[PROVIDED ENTRIES Boundary: Start]

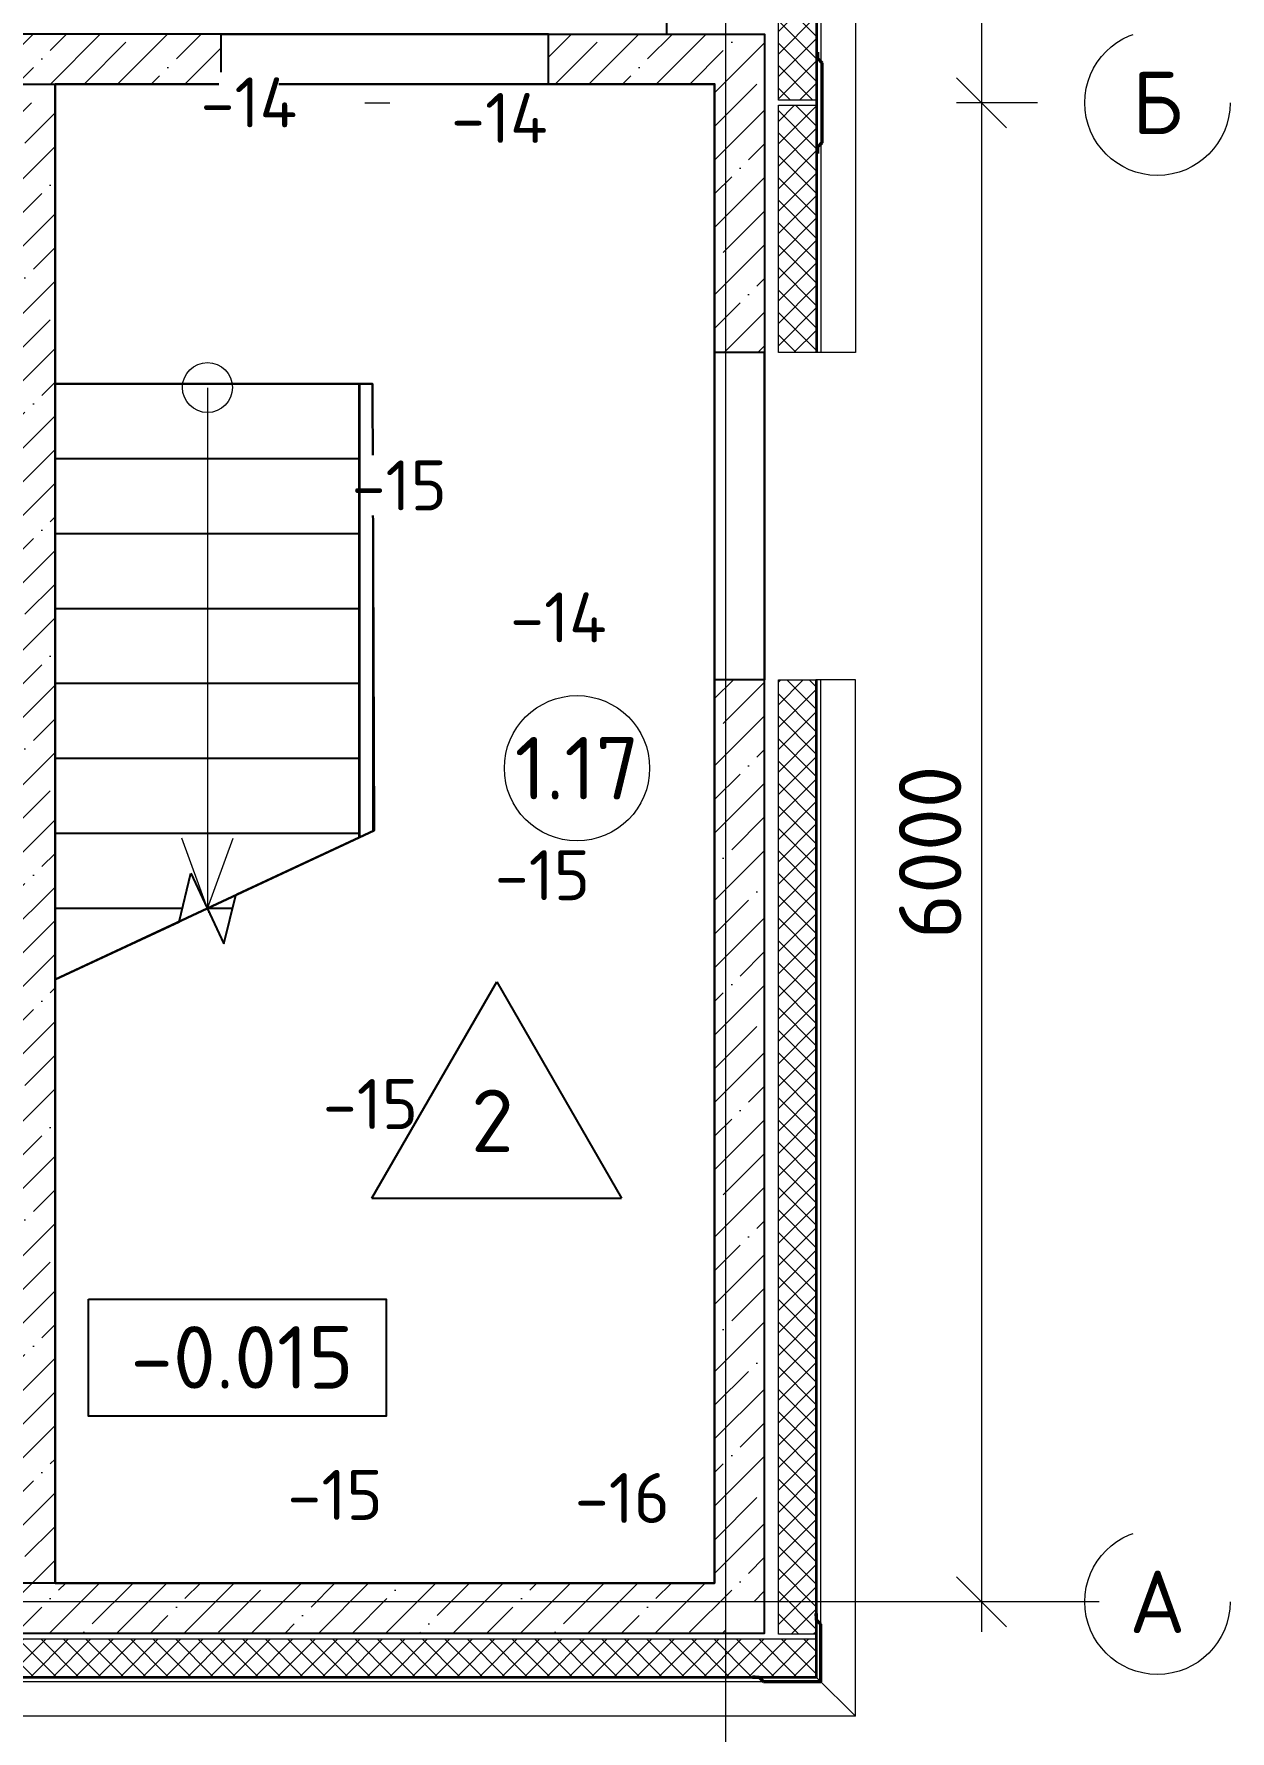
# Model space of a CAD drawing. Header units: metres. Extents: x -7665 to -5405, y -4871 to -3608.
# Drawn here: x -5486.26 to -5481.47, y -4866.4 to -4859.61 of the extents above; entities that cross this region are included whole.
import ezdxf
from ezdxf.enums import TextEntityAlignment as Align

# ---------------------------------------------------------------- set-up
doc = ezdxf.new("R2010")
doc.units = ezdxf.units.M
doc.header["$PDMODE"] = 35
doc.header["$PDSIZE"] = 0.03
doc.linetypes.add('_ШТР__3__1_5_', pattern=[4.5, 3, -1.5])
doc.linetypes.add('Xref_level ST-8$0$DASHDOT', pattern=[25.4, 12.7, -6.35, 0, -6.35])
doc.layers.get('Defpoints').update_dxf_attribs({"color": 4})
for name, color, linetype in [('01', 123, 'Continuous'), ('высотные отклонения', 7, 'Continuous'), ('Лестницы', 7, 'Continuous'), ('Обычные линии', 7, 'Continuous')]:
    doc.layers.add(name, color=color, linetype=linetype)
doc.layers.add('_5-1_Площадь помещений', color=2, linetype='Continuous', lineweight=30, plot=False)
for name, color, linetype, lineweight in [('S-WALL-PATT', 7, 'Continuous', 0), ('Выноски', 7, 'Continuous', 15), ('Обобщенные модели', 7, 'Continuous', 18), ('ОСИ', 250, 'Xref_level ST-8$0$DASHDOT', 5), ('Привязки', 7, 'Continuous', 9), ('Стены штриховка', 7, 'Continuous', 9), ('Типовые аннотации', 250, 'Continuous', 18), ('Цоколь', 252, 'Continuous', 18), ('Элементы узлов', 7, 'Continuous', 18)]:
    doc.layers.add(name, color=color, linetype=linetype, lineweight=lineweight)
doc.layers.add('ГКЛ (контур)', color=255, linetype='Continuous', plot=False)
doc.layers.add('Ограждение', color=7, linetype='Continuous', lineweight=9, true_color=0x408080)
doc.layers.add('Поручни', color=7, linetype='Continuous', lineweight=9, true_color=0x408080)
doc.styles.add('Норм 2.5', font='isocpeur.ttf', dxfattribs={"height": 2.5})
doc.dimstyles.new('Норм Оси', dxfattribs={"dimtxt": 2.5, "dimasz": 2, "dimexe": 1, "dimexo": 0.6267, "dimgap": 0.81, "dimtad": 1, "dimdec": 0, "dimlfac": 1000, "dimrnd": 10, "dimzin": 0, "dimtxsty": 'Норм 2.5', "dimblk": 'OBLIQUE', "dimcen": 0.9, "dimdle": 1.2, "dimclrd": 256, "dimclrt": 256, "dimadec": 3, "dimazin": 0, "dimtfac": 1, "dimtdec": 0, "dimtofl": 0, "dimtmove": 0, "dimatfit": 3, "dimfxl": 1, "dimtfill": 1, "dimtolj": 1, "dimtzin": 0, "dimlwd": -1, "dimlwe": -1, "dimarcsym": 0})

# ---------------------------------------------------------------- blocks, each defined once
blk = doc.blocks.new('*U54')
at = {"layer": 'S-WALL-PATT', "lineweight": 0, "true_color": 0x636466}
h = blk.add_hatch(dxfattribs=at)
h.set_pattern_fill('ANSI37', color=251, scale=20)
h.paths.add_polyline_path([(-150, 0), (0, 0), (0, 990), (-150, 990)])
at = {"color": 0}
blk.add_lwpolyline([(-150, 0), (0, 0), (0, 990), (-150, 990)], close=True, dxfattribs=at)
blk = doc.blocks.new('*U55')
at = {"layer": 'S-WALL-PATT', "lineweight": 0, "true_color": 0x636466}
h = blk.add_hatch(dxfattribs=at)
h.set_pattern_fill('ANSI37', color=251, scale=20)
h.paths.add_polyline_path([(-150, 0), (0, 0), (0, 3820), (-150, 3820)])
at = {"color": 0}
blk.add_lwpolyline([(-150, 0), (0, 0), (0, 3820), (-150, 3820)], close=True, dxfattribs=at)
blk = doc.blocks.new('*U57')
at = {"layer": 'S-WALL-PATT', "lineweight": 0, "true_color": 0x636466}
h = blk.add_hatch(dxfattribs=at)
h.set_pattern_fill('ANSI37', color=251, scale=20)
h.paths.add_polyline_path([(-150, 0), (0, 0), (0, 590), (-150, 590)])
at = {"color": 0}
blk.add_lwpolyline([(-150, 0), (0, 0), (0, 590), (-150, 590)], close=True, dxfattribs=at)
blk = doc.blocks.new('Ограждение - Ограждение-1240041-_О__L1_0_000_')
at = {"layer": 'Поручни', "color": 7}
for p, q in [((43499, 4875), (43505, 4875)), ((43499, 4875), (43499, 3058)), ((43505, 4875), (43555, 4875)), ((43505, 4875), (43505, 3060.8)), ((43555, 4875), (43555, 3084.1))]:
    blk.add_line(p, q, dxfattribs=at)
blk = doc.blocks.new('012_Стрелка _ЭлУзла_Линия_ - Стрелка с пустым кружком-1338631-_О__L1_0_000_')
at = {"layer": 'Элементы узлов'}
blk.add_line((1, 0), (2085, 0), dxfattribs=at)
blk = doc.blocks.new('*U159')
at = {"layer": 'S-WALL-PATT', "lineweight": 0, "true_color": 0x636466}
h = blk.add_hatch(dxfattribs=at)
h.set_pattern_fill('ANSI37', color=251, scale=20)
h.paths.add_polyline_path([(-150, 0), (0, 0), (0, 4245), (-150, 4245)])
at = {"color": 0}
blk.add_lwpolyline([(-150, 0), (0, 0), (0, 4245), (-150, 4245)], close=True, dxfattribs=at)
blk = doc.blocks.new('190_ФЭ_Стена_Стык угловой внешний фигурный - ФЭ-У1_230х230-1307890-_О__L1_0_000_')
at = {"layer": 'Обобщенные модели', "lineweight": 9}
h = blk.add_hatch(dxfattribs=at)
h.set_pattern_fill('FP_6', color=256, style=0, pattern_type=2)
h.set_pattern_definition([(45, (0, 0), (-106.066, 106.066), [])])
h.paths.add_polyline_path([(-231.2, -295), (-65, -295), (-48, -278), (-48.4, -277), (-65.4, -294), (-294, -294), (-294, -65.4), (-277, -48.4), (-278, -48), (-295, -65), (-295, -295)], flags=0)
h.paths.add_polyline_path([(-23, -276), (-22, -275), (-32, -276)], flags=0)
h.paths.add_polyline_path([(-276, -32), (-275, -32), (-276, -23)], flags=0)
at = {"layer": 'Обобщенные модели', "lineweight": 40}
for p, q in [((-278, -48), (-295, -65)), ((-295, -65), (-295, -295)), ((-294, -65.4), (-277, -48.4)), ((-294, -294), (-294, -65.4)), ((-275, -22), (-278, -22)), ((-278, -22), (-278, -48)), ((-277, -48.4), (-277, -23)), ((-277, -23), (-276, -23)), ((-276, -23), (-276, -32)), ((-276, -32), (-275, -32)), ((-275, -32), (-275, -22)), ((-295, -295), (-65, -295)), ((-65.4, -294), (-294, -294)), ((-48.4, -277), (-65.4, -294)), ((-65, -295), (-48, -278)), ((-23, -277), (-48.4, -277)), ((-48, -278), (-22, -278)), ((-22, -275), (-32, -275)), ((-32, -275), (-32, -276)), ((-32, -276), (-23, -276)), ((-23, -276), (-23, -277)), ((-22, -278), (-22, -275))]:
    blk.add_line(p, q, dxfattribs=at)
blk = doc.blocks.new('*U177')
at = {"layer": 'Цоколь'}
for p, q in [((25360, 0), (0, 0)), ((25360, 0), (25518.1, -158.1)), ((25362.6, -2.6), (0, -2.6)), ((25365.5, -5.5), (0, -5.5)), ((25379.9, -19.9), (0, -19.9)), ((25518.1, -158.1), (0, -158.1))]:
    blk.add_line(p, q, dxfattribs=at)
blk = doc.blocks.new('*U182')
at = {"layer": 'Цоколь'}
for p, q in [((0, -2.6), (0, 0)), ((3990, 0), (0, 0)), ((3990, 0), (4148.1, -158.1)), ((0, -5.5), (0, -2.6)), ((3992.6, -2.6), (0, -2.6)), ((3995.5, -5.5), (0, -5.5)), ((0, -158.1), (0, -5.5)), ((4009.9, -19.9), (0, -19.9)), ((4148.1, -158.1), (0, -158.1))]:
    blk.add_line(p, q, dxfattribs=at)
blk = doc.blocks.new('*U183')
at = {"layer": 'Цоколь'}
for p, q in [((0, -2.6), (0, 0)), ((7300, 0), (0, 0)), ((0, -5.5), (0, -2.6)), ((7302.6, -2.6), (0, -2.6)), ((7305.5, -5.5), (0, -5.5)), ((0, -158.1), (0, -5.5)), ((7319.9, -19.9), (0, -19.9)), ((7458.1, -158.1), (0, -158.1))]:
    blk.add_line(p, q, dxfattribs=at)
blk = doc.blocks.new('320мм_ФЭ_Стена_Стык вертикальный')
at = {"layer": 'Обобщенные модели', "lineweight": 9}
h = blk.add_hatch(dxfattribs=at)
h.set_pattern_fill('FP_4', color=256, style=0, pattern_type=2)
h.set_pattern_definition([(45, (210, 7e-13), (-106.066, 106.066), [])])
h.paths.add_polyline_path([(27265, -295), (27282, -278), (27281.6, -277), (27264.6, -294), (27155.4, -294), (27138.4, -277), (27138, -278), (27155, -295)], flags=0)
h.paths.add_polyline_path([(27307, -276), (27308, -275), (27298, -276)], flags=0)
h.paths.add_polyline_path([(27122, -276), (27122, -275), (27113, -276)], flags=0)
at = {"layer": 'Обобщенные модели', "lineweight": 40}
for p, q in [((26912, -275), (26902, -275)), ((26902, -275), (26902, -278)), ((26902, -278), (26928, -278)), ((26903, -277), (26903, -276)), ((26903, -276), (26912, -276)), ((26928.4, -277), (26903, -277)), ((26912, -276), (26912, -275)), ((26928, -278), (26945, -295)), ((26945.4, -294), (26928.4, -277)), ((27281.6, -277), (27264.6, -294)), ((27265, -295), (27282, -278)), ((27307, -277), (27281.6, -277)), ((27282, -278), (27308, -278)), ((27308, -275), (27298, -275)), ((27298, -275), (27298, -276)), ((27298, -276), (27307, -276)), ((27307, -276), (27307, -277)), ((27308, -278), (27308, -275))]:
    blk.add_line(p, q, dxfattribs=at)
for points in [[(26945, -295), (27265, -295)], [(26945.4, -294), (27264.6, -294)]]:
    blk.add_lwpolyline(points, dxfattribs=at)
blk = doc.blocks.new('Номер_помещения')
blk.add_wipeout([(-5, 0), (0, 8.66), (5, 0)])
for p, q in [((-5, 0), (0, 8.66)), ((0, 8.66), (5, 0)), ((-5, 0), (5, 0))]:
    blk.add_line(p, q)
at = {"style": 'Норм 2.5'}
blk.add_attdef('НОМЕР', text='', height=2.5, dxfattribs=at).set_placement((-0.171, 3.102), align=Align.MIDDLE_CENTER)
blk = doc.blocks.new('axis_name')
at = {"lineweight": 9}
blk.add_circle((0, 0), 2.907, dxfattribs=at)
at = {"style": 'Норм 2.5'}
blk.add_attdef('AXIS_NAME', text='', height=2.5, dxfattribs=at).set_placement((0, 0), align=Align.MIDDLE_CENTER)
blk = doc.blocks.new('Проектная_отметка')
blk.add_wipeout([(0, 0), (0, 4.676), (11.917, 4.676), (11.917, 0)])
blk.add_lwpolyline([(0, 4.676), (11.917, 4.676), (11.917, 0), (0, 0)], close=True)
at = {"style": 'Норм 2.5'}
blk.add_attdef('ОТМЕТКА', text='', height=2.5, dxfattribs=at).set_placement((6.151, 2.353), align=Align.MIDDLE_CENTER)
blk = doc.blocks.new('_Oblique')
at = {"color": 0, "linetype": 'ByBlock', "lineweight": -2}
blk.add_line((-0.5, -0.5), (0.5, 0.5), dxfattribs=at)
blk = doc.blocks.new('*D230')
at = {"layer": 'Defpoints', "color": 0}
for p in [(-5482.463, -4853.8821), (-5482.463, -4859.8821), (-5482.463, -4859.8821)]:
    blk.add_point(p, dxfattribs=at)
at = {"layer": 'Привязки'}
blk.add_line((-5482.463, -4853.7621), (-5482.463, -4860.0021), dxfattribs=at)
at = {"layer": 'Привязки', "color": 0}
for p, q in [((-5482.5257, -4853.8821), (-5482.563, -4853.8821)), ((-5482.5257, -4859.8821), (-5482.563, -4859.8821))]:
    blk.add_line(p, q, dxfattribs=at)
at = {"layer": 'Привязки', "xscale": 0.2, "yscale": 0.2, "zscale": 0.2}
for p, rotation in [((-5482.463, -4853.8821), 90), ((-5482.463, -4859.8821), 270)]:
    blk.add_blockref('_Oblique', p, dxfattribs=dict(at, rotation=rotation))
at = {"layer": 'Привязки', "insert": (-5482.669, -4856.8821), "char_height": 0.25, "attachment_point": 5, "rotation": 90, "style": 'Норм 2.5', "bg_fill": 3, "box_fill_scale": 1.1, "bg_fill_color": 256, "bg_fill_true_color": 13158600, "bg_fill_transparency": 0}
blk.add_mtext('\\A1;6000', dxfattribs=at)
blk = doc.blocks.new('*D232')
at = {"layer": 'Defpoints', "color": 0}
for p in [(-5482.1766, -4859.8821), (-5482.463, -4865.8821), (-5482.1766, -4865.8821)]:
    blk.add_point(p, dxfattribs=at)
at = {"layer": 'Привязки'}
blk.add_line((-5482.463, -4859.7621), (-5482.463, -4866.0021), dxfattribs=at)
at = {"layer": 'Привязки', "color": 0}
for p, q in [((-5482.2393, -4859.8821), (-5482.563, -4859.8821)), ((-5482.2393, -4865.8821), (-5482.563, -4865.8821))]:
    blk.add_line(p, q, dxfattribs=at)
at = {"layer": 'Привязки', "xscale": 0.2, "yscale": 0.2, "zscale": 0.2}
for p, rotation in [((-5482.463, -4859.8821), 90), ((-5482.463, -4865.8821), 270)]:
    blk.add_blockref('_Oblique', p, dxfattribs=dict(at, rotation=rotation))
at = {"layer": 'Привязки', "insert": (-5482.669, -4862.8821), "char_height": 0.25, "attachment_point": 5, "rotation": 90, "style": 'Норм 2.5', "bg_fill": 3, "box_fill_scale": 1.1, "bg_fill_color": 256, "bg_fill_true_color": 13158600, "bg_fill_transparency": 0}
blk.add_mtext('\\A1;6000', dxfattribs=at)

msp = doc.modelspace()

# ---------------------------------------------------------------- hatches: boundary and pattern name
at = {"layer": 'Стены штриховка'}
h = msp.add_hatch(dxfattribs=at)
h.set_pattern_fill('ANSI35', color=256, scale=0.03)
h.set_pattern_definition([(45, (-8245.93595, -4184.87421), (-0.134703842, 0.134703842), []), (45, (-8245.80125, -4184.87421), (-0.134703842, 0.134703842), [0.238125, -0.047625, 0, -0.047625])])
h.paths.add_polyline_path([(-5488.4853, -4859.8071), (-5488.4853, -4859.6071), (-5489.2714, -4859.6071), (-5489.2714, -4859.8821), (-5489.0714, -4859.8821), (-5489.0714, -4859.8071)])
h.paths.add_polyline_path([(-5485.5064, -4859.8071), (-5485.5064, -4859.6071), (-5487.4753, -4859.6071), (-5487.4753, -4859.8071)])
h.paths.add_polyline_path([(-5489.0714, -4859.8821), (-5489.2714, -4859.8821), (-5489.2714, -4865.8821), (-5489.2714, -4866.0071), (-5488.5714, -4866.0071), (-5488.5714, -4865.8071), (-5489.0714, -4865.8071)])
h.paths.add_polyline_path([(-5487.3714, -4865.8821), (-5487.3714, -4866.0071), (-5483.4864, -4866.0071), (-5483.4864, -4865.8821)])
h.paths.add_polyline_path([(-5483.4864, -4865.8821), (-5483.4864, -4862.1921), (-5483.5314, -4862.1921), (-5483.5314, -4865.8071), (-5487.3714, -4865.8071), (-5487.3714, -4865.8821)])
h.paths.add_polyline_path([(-5486.1714, -4859.8821), (-5486.3714, -4859.8821), (-5486.3714, -4865.8071), (-5486.1714, -4865.8071)])
h.paths.add_polyline_path([(-5483.5314, -4859.8071), (-5483.5314, -4859.8821), (-5483.4864, -4859.8821), (-5483.4864, -4859.6071), (-5484.1964, -4859.6071), (-5484.1964, -4859.8071)])
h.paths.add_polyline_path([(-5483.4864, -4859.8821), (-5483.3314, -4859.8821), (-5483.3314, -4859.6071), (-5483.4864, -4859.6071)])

[PROVIDED ENTRIES Boundary: End]

ASSIGNED TASK »
All that belongs in the answer is the run of lines above from the line containing "blk.add_lwpolyline(points, dxfattribs=at)" through the line containing "blk = doc.blocks.new('_Oblique')", exactly as written.

RESULT BELOW »
    blk.add_lwpolyline(points, dxfattribs=at)
blk = doc.blocks.new('Номер_помещения')
blk.add_wipeout([(-5, 0), (0, 8.66), (5, 0)])
for p, q in [((-5, 0), (0, 8.66)), ((0, 8.66), (5, 0)), ((-5, 0), (5, 0))]:
    blk.add_line(p, q)
at = {"style": 'Норм 2.5'}
blk.add_attdef('НОМЕР', text='', height=2.5, dxfattribs=at).set_placement((-0.171, 3.102), align=Align.MIDDLE_CENTER)
blk = doc.blocks.new('axis_name')
at = {"lineweight": 9}
blk.add_circle((0, 0), 2.907, dxfattribs=at)
at = {"style": 'Норм 2.5'}
blk.add_attdef('AXIS_NAME', text='', height=2.5, dxfattribs=at).set_placement((0, 0), align=Align.MIDDLE_CENTER)
blk = doc.blocks.new('Проектная_отметка')
blk.add_wipeout([(0, 0), (0, 4.676), (11.917, 4.676), (11.917, 0)])
blk.add_lwpolyline([(0, 4.676), (11.917, 4.676), (11.917, 0), (0, 0)], close=True)
at = {"style": 'Норм 2.5'}
blk.add_attdef('ОТМЕТКА', text='', height=2.5, dxfattribs=at).set_placement((6.151, 2.353), align=Align.MIDDLE_CENTER)
blk = doc.blocks.new('_Oblique')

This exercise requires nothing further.